(Beginning of Exercise data)

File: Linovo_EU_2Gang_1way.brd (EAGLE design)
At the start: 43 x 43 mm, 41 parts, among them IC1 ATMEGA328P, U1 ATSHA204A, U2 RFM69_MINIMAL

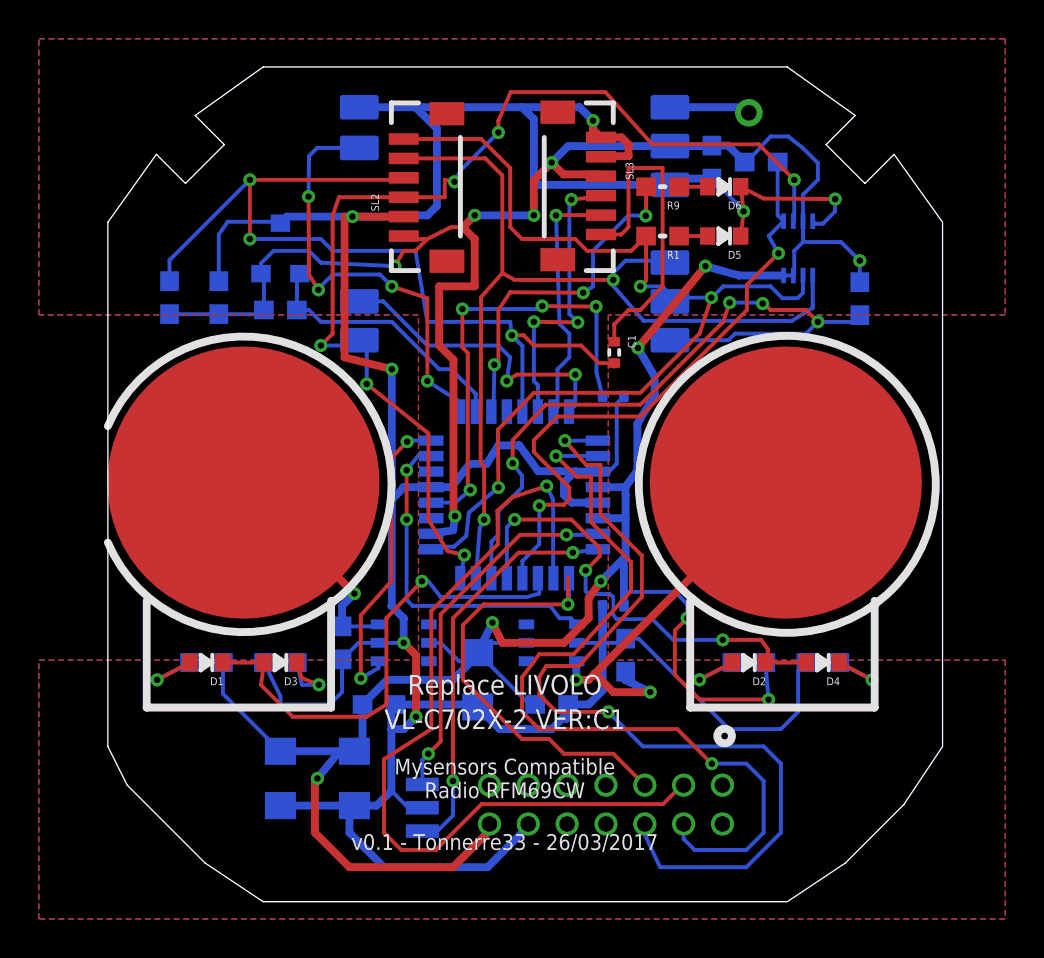
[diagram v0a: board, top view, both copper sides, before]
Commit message: replace senspad & reroot
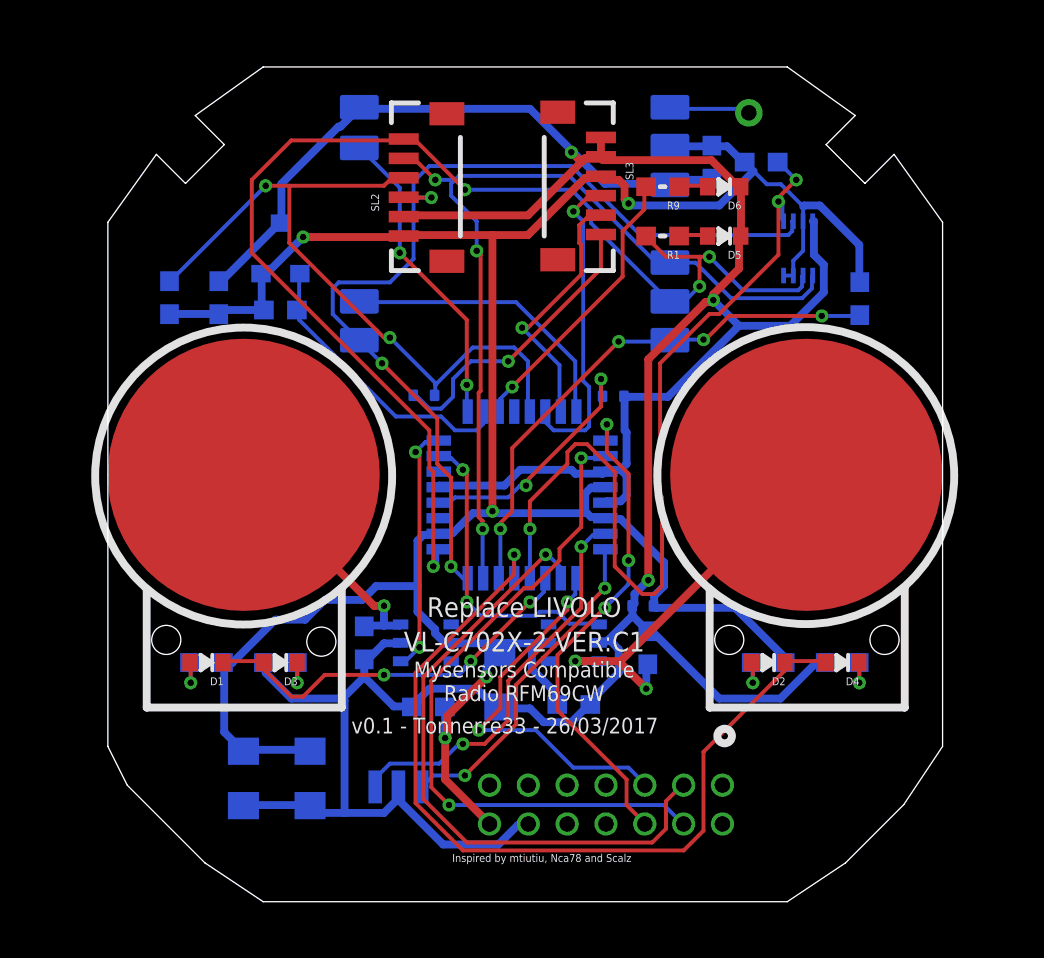
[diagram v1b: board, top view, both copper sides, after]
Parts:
- moved C1 10.1 mm to (16.3, 26.1), flipped to the bottom, turned to 180 degrees
- moved C9 2.54 mm to (16.5, 10.0), turned to 180 degrees
- moved C11 2.29 mm to (10.4, 6.35)
- moved C10 1.91 mm to (6.99, 6.35)
- moved U$3 1.63 mm to (15.0, 5.91), turned to 180 degrees
- moved C6 1.52 mm to (27.6, 15.2)
- moved C4 1.20 mm to (27.8, 13.1)
- moved C12 1.14 mm to (20.2, 11.4)
- moved C7 1.14 mm to (24.0, 10.2)
- moved C8 1.14 mm to (13.2, 13.3)
- moved U$4 1.14 mm to (25.3, 15.2)
- moved U$6 1.14 mm to (15.1, 11.4)
- moved U$1 1.12 mm to (36.0, 22.0)
- moved D2 1.00 mm to (34.0, 12.3)
- moved D4 1.00 mm to (37.8, 12.3)
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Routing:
- net VCC: track 173.3 -> 143.8 mm, vias 13 -> 5
- net L1_SET: track 46.7 -> 25.3 mm, vias 2 -> 3
- net LED2: track 24.7 -> 45.0 mm, vias 3 -> 1
- net FLASH_CS: track 32.2 -> 45.2 mm, vias 2 -> 3
- net SCK: track 52.7 -> 64.4 mm, vias 3 -> 4
- net L2_SET: track 44.3 -> 33.2 mm
- net N$4: track 23.5 -> 12.9 mm, vias 4 -> 2
- net CSN: track 37.7 -> 27.8 mm
- net RST: track 45.7 -> 36.9 mm, vias 3 -> 2
- net GND: track 187.2 -> 179.2 mm, vias 7 -> 3
- net L1_RST: track 42.7 -> 35.5 mm
- net A2: track 22.9 -> 15.9 mm, vias 4 -> 2
- net MISO: track 56.8 -> 51.0 mm, vias 6 -> 3
- net L2_RST: track 24.4 -> 19.7 mm, vias 1 -> 2
- net LED1: track 25.0 -> 20.7 mm, vias 1 -> 3
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- removed copper zone on layer 1, net GND
- removed copper zone on layer 16, net GND
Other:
- board text added: "Inspired by mtiutiu, Nca78 and Scalz"

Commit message: Change value RFM69 capacitor
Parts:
- C3: value 4u7 -> 10u
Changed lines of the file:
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@@
 <element name="C1" library="LowPowerLab" package="0402-CAP" value="100n" x="16.2814" y="26.0858" rot="MR180"/>
 <element name="C2" library="LowPowerLab" package="0402-CAP" value="100n" x="26.035" y="26.035" rot="MR0"/>
-<element name="C3" library="LowPowerLab" package="0603-CAP" value="4u7" x="31.115" y="38.1" rot="MR270"/>
+<element name="C3" library="LowPowerLab" package="0603-CAP" value="10u" x="31.115" y="38.1" rot="MR270"/>
 <element name="D5" library="LowPowerLab" package="0603-LED" value="LED0603" x="31.75" y="34.29" rot="R180"/>
 <element name="IC1" library="LowPowerLab" package="TQFP32-08" value="ATMEGA328P" x="21.336" y="20.955" rot="MR0"/>

(End of Exercise data)

● Instructions to follow
Could you retype exactly the lines above, starting at the line that contains "- net L2_SET: track 44.3 -> 33.2 mm" and ending at the line that contains "- net MISO: track", and nothing more?

● Output of the task
- net L2_SET: track 44.3 -> 33.2 mm
- net N$4: track 23.5 -> 12.9 mm, vias 4 -> 2
- net CSN: track 37.7 -> 27.8 mm
- net RST: track 45.7 -> 36.9 mm, vias 3 -> 2
- net GND: track 187.2 -> 179.2 mm, vias 7 -> 3
- net L1_RST: track 42.7 -> 35.5 mm
- net A2: track 22.9 -> 15.9 mm, vias 4 -> 2
- net MISO: track 56.8 -> 51.0 mm, vias 6 -> 3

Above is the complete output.